(Collected data)
# # # #

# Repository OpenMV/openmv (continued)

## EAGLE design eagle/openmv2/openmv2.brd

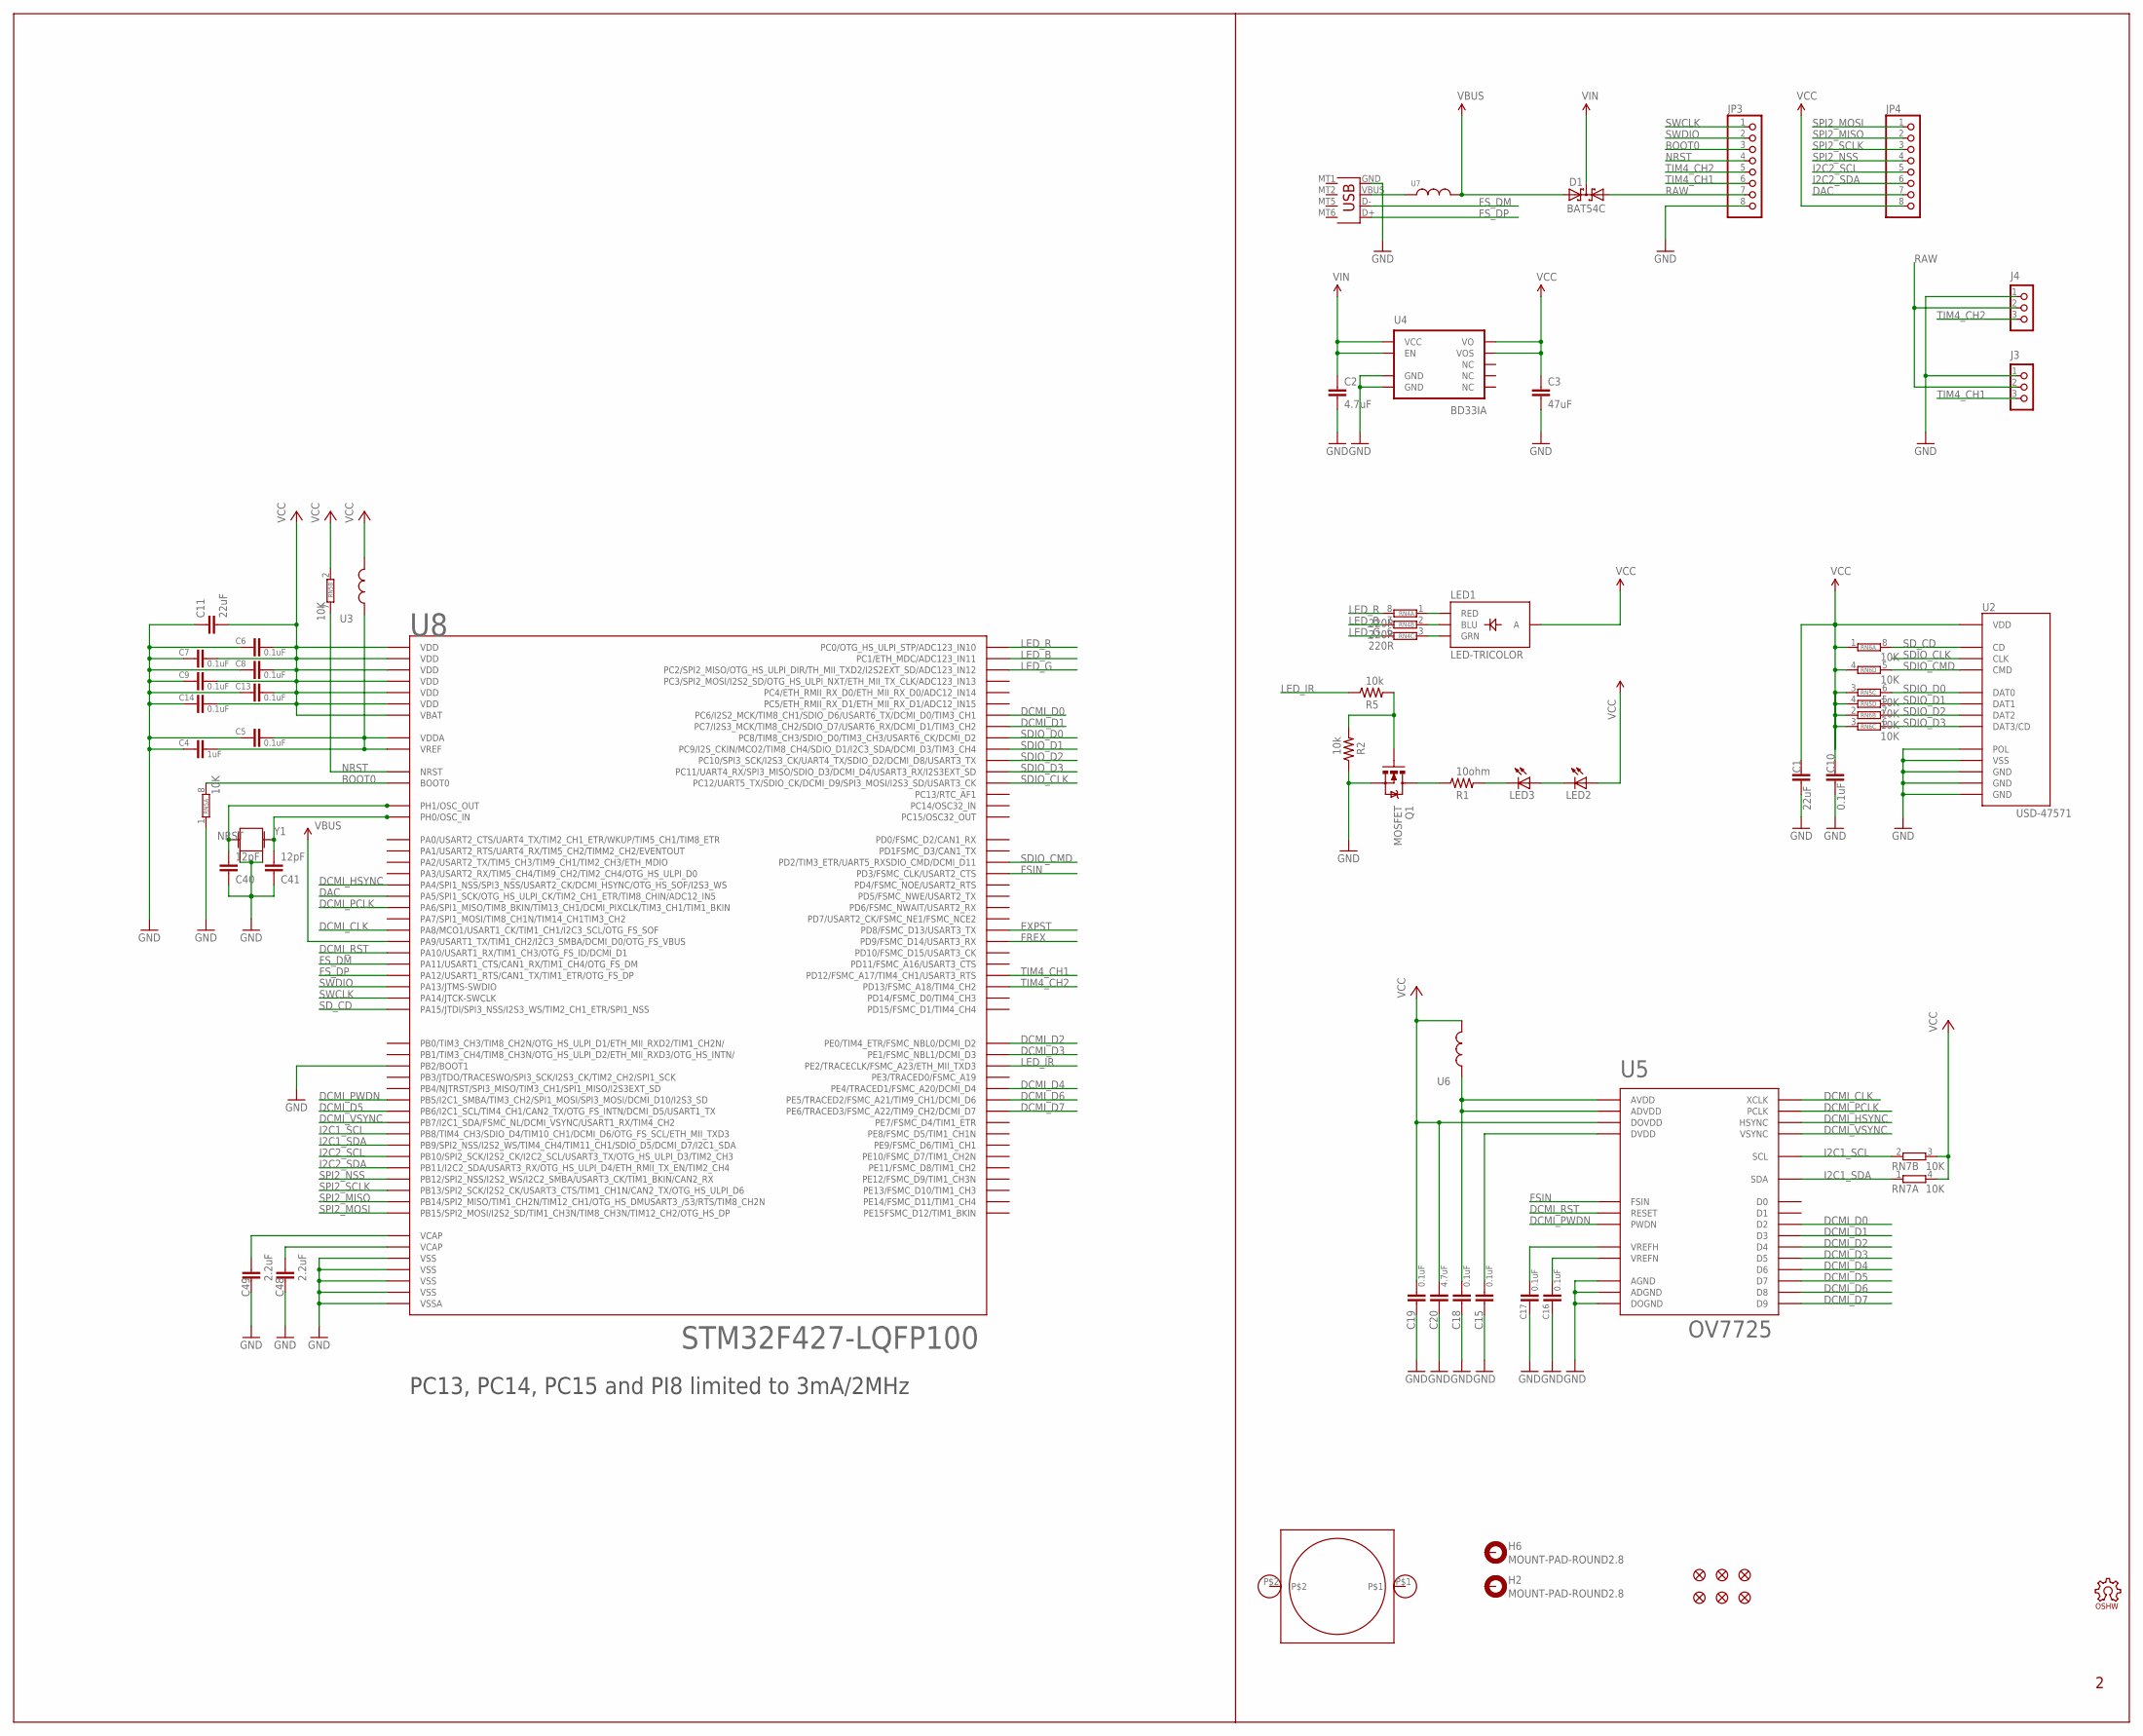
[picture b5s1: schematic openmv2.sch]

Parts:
C1, C11: 22uF; 0805
C2, C20: 4.7uF; 0603-CAP
C3: 47uF; 1206
C4: 1uF; 0603-CAP
C5, C6, C7, C8, C9, C10, C13, C14, C15, C16, C17, C18, C19: 0.1uF; 0603-CAP
C40, C41: 12pF; 0603-CAP
C48, C49: 2.2uF; 0603-CAP
D1: BAT54C; SOT23
H2, H6: MOUNT-PAD-ROUND2.8; 2,8-PAD
J3, J4: CON_HEADER_1X03; M1X3_SMD
JP1, JP2, JP5, JP6, JP7, JP8: FIDUCIAL1X2; FIDUCIAL-1X2
JP3, JP4: PINHD-1X8; 1X08
LED1: LED-TRICOLOR; LED-TRICOLOR-SMD
LED2, LED3: LED3MM
LOGO1: OSHW_LOGO_FILLX0150-NT; OSHW_FILLX150_NOTEXT
Q1: MOSFET; SOT23-3
R1: 10ohm; 0603-RES
R2, R5: 10k; 0603-RES
RN4: 220R; EXBV8V
RN5, RN6: 10K; EXBV8V
RN7: 10K; EXBV4V
U1: LENSMOUNT20MM; LENSMOUNT-20MM
U2: USD-47571
U3, U6, U7: INDUCTOR0603; 0603
U4: BD33IA; HTSOP-J8
U5: OV7725; CSP2-28
U8: STM32F427-LQFP100; LQFP100
X2: USB-MICROB
Y1: CRYSTAL2.5X2.0; CRYSTAL-2.5X2.0

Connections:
BOOT0: JP3.3, RN5.8 (2), U8.94 (BOOT0)
DAC: JP4.7, U8.30 (PA5/SPI1_SCK/OTG_HS_ULPI_CK/TIM2_CH1_ET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)
DCMI_CLK: U5.F3 (XCLK), U8.67 (PA8/MCO1/USART1_CK/TIM1_CH1/I2C3_SCL/OT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)
DCMI_D0: U5.F5 (D2), U8.63 (PC6/I2S2_MCK/TIM8_CH1/SDIO_D6/USART6_TX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)
DCMI_D1: U5.F2 (D3), U8.64 (PC7/I2S3_MCK/TIM8_CH2/SDIO_D7/USART6_RX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)
DCMI_D2: U5.D6 (D4), U8.97 (PE0/TIM4_ETR/FSMC_NBL0/DCMI_D2)
DCMI_D3: U5.D1 (D5), U8.98 (PE1/FSMC_NBL1/DCMI_D3)
DCMI_D4: U5.E6 (D6), U8.3 (PE4/TRACED1/FSMC_A20/DCMI_D4)
DCMI_D5: U5.E1 (D7), U8.92 (PB6/I2C1_SCL/TIM4_CH1/CAN2_TX/OTG_FS_IN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)
DCMI_D6: U5.F6 (D8), U8.4 (PE5/TRACED2/FSMC_A21/TIM9_CH1/DCMI_D6)
DCMI_D7: U5.F1 (D9), U8.5 (PE6/TRACED3/FSMC_A22/TIM9_CH2/DCMI_D7)
DCMI_HSYNC: U5.B6 (HSYNC), U8.29 (PA4/SPI1_NSS/SPI3_NSS/USART2_CK/DCMI_HS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)
DCMI_PCLK: U5.E4 (PCLK), U8.31 (PA6/SPI1_MISO/TIM8_BKIN/TIM13_CH1/DCMI_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)
DCMI_PWDN: U5.C1 (PWDN), U8.91 (PB5/I2C1_SMBA/TIM3_CH2/SPI1_MOSI/SPI3_M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)
DCMI_RST: U5.A2 (RESET), U8.69 (PA10/USART1_RX/TIM1_CH3/OTG_FS_ID/DCMI_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)
DCMI_VSYNC: U5.C6 (VSYNC), U8.93 (PB7/I2C1_SDA/FSMC_NL/DCMI_VSYNC/USART1_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)
EXPST: U8.55 (PD8/FSMC_D13/USART3_TX)
FREX: U8.56 (PD9/FSMC_D14/USART3_RX)
FSIN: U5.A4 (FSIN), U8.84 (PD3/FSMC_CLK/USART2_CTS)
FS_DM: U8.70 (PA11/USART1_CTS/CAN1_RX/TIM1_CH4/OTG_FS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), X2.D-
FS_DP: U8.71 (PA12/USART1_RTS/CAN1_TX/TIM1_ETR/OTG_FS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), X2.D+
GND: C1.2, C2.2, C3.2, C4.2, C5.2, C6.2, C7.2, C8.2, C9.2, C10.2, C11.1, C13.2, C14.2, C15.2, C16.2, C17.2, C18.2, C19.2, C20.2, C40.1, C41.1, C48.2, C49.2, J3.1, J4.1, JP3.8, Q1.2 (S), R2.1, RN5.1, U2.G$1 (GND), U2.G$2 (GND), U2.G$3 (GND), U2.G$4 (POL), U2.P$6 (VSS), U4.3 (GND), U4.P$1 (GND), U5.B1 (ADGND), U5.B4 (AGND), U5.F4 (DOGND), U8.10 (VSS), U8.20 (VSSA), U8.27 (VSS), U8.37 (PB2/BOOT1), U8.74 (VSS), U8.99 (VSS), X2.GND, Y1.2, Y1.4
I2C1_SCL: RN7.2 (1), U5.A5 (SCL), U8.95 (PB8/TIM4_CH3/SDIO_D4/TIM10_CH1/DCMI_D6/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)
I2C1_SDA: RN7.1, U5.B5 (SDA), U8.96 (PB9/SPI2_NSS/I2S2_WS/TIM4_CH4/TIM11_CH1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)
I2C2_SCL: JP4.5, U8.47 (PB10/SPI2_SCK/I2S2_CK/I2C2_SCL/USART3_T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)
I2C2_SDA: JP4.6, U8.48 (PB11/I2C2_SDA/USART3_RX/OTG_HS_ULPI_D4/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)
LED_B: RN4.7 (2), U8.16 (PC1/ETH_MDC/ADC123_IN11)
LED_G: RN4.6 (2), U8.17 (PC2/SPI2_MISO/OTG_HS_ULPI_DIR/TH_MII_TX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)
LED_IR: R5.1, U8.1 (PE2/TRACECLK/FSMC_A23/ETH_MII_TXD3)
LED_R: RN4.8 (2), U8.15 (PC0/OTG_HS_ULPI_STP/ADC123_IN10)
unnamed: C17.1, U5.A3 (VREFH)
unnamed: C40.2, U8.13 (PH1/OSC_OUT), Y1.3 (2)
unnamed: C16.1, U5.B2 (VREFN)
unnamed: C41.2, U8.12 (PH0/OSC_IN), Y1.1
unnamed: Q1.1 (G), R2.2, R5.2
unnamed: U7.1, X2.VBUS
unnamed: LED1.R (RED), RN4.1
unnamed: LED1.G (GRN), RN4.3 (1)
unnamed: LED3.K (C), R1.2
unnamed: LED1.B (BLU), RN4.2 (1)
unnamed: C4.1, C5.1, U3.1, U8.21 (VREF), U8.22 (VDDA)
unnamed: C18.1, U5.A1 (ADVDD), U5.B3 (AVDD), U6.1
unnamed: Q1.3 (D), R1.1
unnamed: C15.1, U5.E3 (DVDD)
unnamed: LED2.K (C), LED3.A
NRST: JP3.4, RN5.7 (2), U8.14 (NRST)
RAW: D1.1 (A1), J3.2, J4.2, JP3.7
SDIO_CLK: U2.P$5 (CLK), U8.80 (PC12/UART5_TX/SDIO_CK/DCMI_D9/SPI3_MOSI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)
SDIO_CMD: RN6.5 (2), U2.P$3 (CMD), U8.83 (PD2/TIM3_ETR/UART5_RXSDIO_CMD/DCMI_D11)
SDIO_D0: RN5.6 (2), U2.P$7 (DAT0), U8.65 (PC8/TIM8_CH3/SDIO_D0/TIM3_CH3/USART6_CK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)
SDIO_D1: RN5.5 (2), U2.P$8 (DAT1), U8.66 (PC9/I2S_CKIN/MCO2/TIM8_CH4/SDIO_D1/I2C3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)
SDIO_D2: RN6.7 (2), U2.P$1 (DAT2), U8.78 (PC10/SPI3_SCK/I2S3_CK/UART4_TX/SDIO_D2/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)
SDIO_D3: RN6.6 (2), U2.P$2 (DAT3/CD), U8.79 (PC11/UART4_RX/SPI3_MISO/SDIO_D3/DCMI_D4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)
SD_CD: RN6.8 (2), U2.G$5 (CD), U8.77 (PA15/JTDI/SPI3_NSS/I2S3_WS/TIM2_CH1_ETR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)
SPI2_MISO: JP4.2, U8.53 (PB14/SPI2_MISO/TIM1_CH2N/TIM12_CH1/OTG_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)
SPI2_MOSI: JP4.1, U8.54 (PB15/SPI2_MOSI/I2S2_SD/TIM1_CH3N/TIM8_C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)
SPI2_NSS: JP4.4, U8.51 (PB12/SPI2_NSS/I2S2_WS/I2C2_SMBA/USART3_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)
SPI2_SCLK: JP4.3, U8.52 (PB13/SPI2_SCK/I2S2_CK/USART3_CTS/TIM1_C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)
SWCLK: JP3.1, U8.76 (PA14/JTCK-SWCLK)
SWDIO: JP3.2, U8.72 (PA13/JTMS-SWDIO)
TIM4_CH1: J3.3, JP3.6, U8.59 (PD12/FSMC_A17/TIM4_CH1/USART3_RTS)
TIM4_CH2: J4.3, JP3.5, U8.60 (PD13/FSMC_A18/TIM4_CH2)
VBUS: D1.2 (A2), U7.2, U8.68 (PA9/USART1_TX/TIM1_CH2/I2C3_SMBA/DCMI_D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)
VCAP1: C49.1, U8.49 (VCAP)
VCAP2: C48.1, U8.73 (VCAP)
VCC: C1.1, C3.1, C6.1, C7.1, C8.1, C9.1, C10.1, C11.2, C13.1, C14.1, C19.1, C20.1, JP4.8, LED1.A, LED2.A, RN5.2 (1), RN5.3 (1), RN5.4 (1), RN6.1, RN6.2 (1), RN6.3 (1), RN6.4 (1), RN7.3 (2), RN7.4 (2), U2.P$4 (VDD), U3.2, U4.1 (VO), U4.2 (VOS), U5.E5 (DOVDD), U6.2, U8.6 (VBAT), U8.11 (VDD), U8.19 (VDD), U8.28 (VDD), U8.50 (VDD), U8.75 (VDD), U8.100 (VDD)
VIN: C2.1, D1.3 (CC), U4.5 (EN), U4.8 (VCC)

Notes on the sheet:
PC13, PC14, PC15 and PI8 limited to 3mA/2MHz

# # # #

(TASK BRIEF):
Retype only this portion of the data above: the line containing "J3, J4: CON_HEADER_1X03; M1X3_SMD", the line containing "DCMI_D0: U5.F5 (D2), U8.63", and all lines between them, exactly.

(RESULT):
J3, J4: CON_HEADER_1X03; M1X3_SMD
JP1, JP2, JP5, JP6, JP7, JP8: FIDUCIAL1X2; FIDUCIAL-1X2
JP3, JP4: PINHD-1X8; 1X08
LED1: LED-TRICOLOR; LED-TRICOLOR-SMD
LED2, LED3: LED3MM
LOGO1: OSHW_LOGO_FILLX0150-NT; OSHW_FILLX150_NOTEXT
Q1: MOSFET; SOT23-3
R1: 10ohm; 0603-RES
R2, R5: 10k; 0603-RES
RN4: 220R; EXBV8V
RN5, RN6: 10K; EXBV8V
RN7: 10K; EXBV4V
U1: LENSMOUNT20MM; LENSMOUNT-20MM
U2: USD-47571
U3, U6, U7: INDUCTOR0603; 0603
U4: BD33IA; HTSOP-J8
U5: OV7725; CSP2-28
U8: STM32F427-LQFP100; LQFP100
X2: USB-MICROB
Y1: CRYSTAL2.5X2.0; CRYSTAL-2.5X2.0

Connections:
BOOT0: JP3.3, RN5.8 (2), U8.94 (BOOT0)
DAC: JP4.7, U8.30 (PA5/SPI1_SCK/OTG_HS_ULPI_CK/TIM2_CH1_ET)
DCMI_CLK: U5.F3 (XCLK), U8.67 (PA8/MCO1/USART1_CK/TIM1_CH1/I2C3_SCL/OT)
DCMI_D0: U5.F5 (D2), U8.63 (PC6/I2S2_MCK/TIM8_CH1/SDIO_D6/USART6_TX)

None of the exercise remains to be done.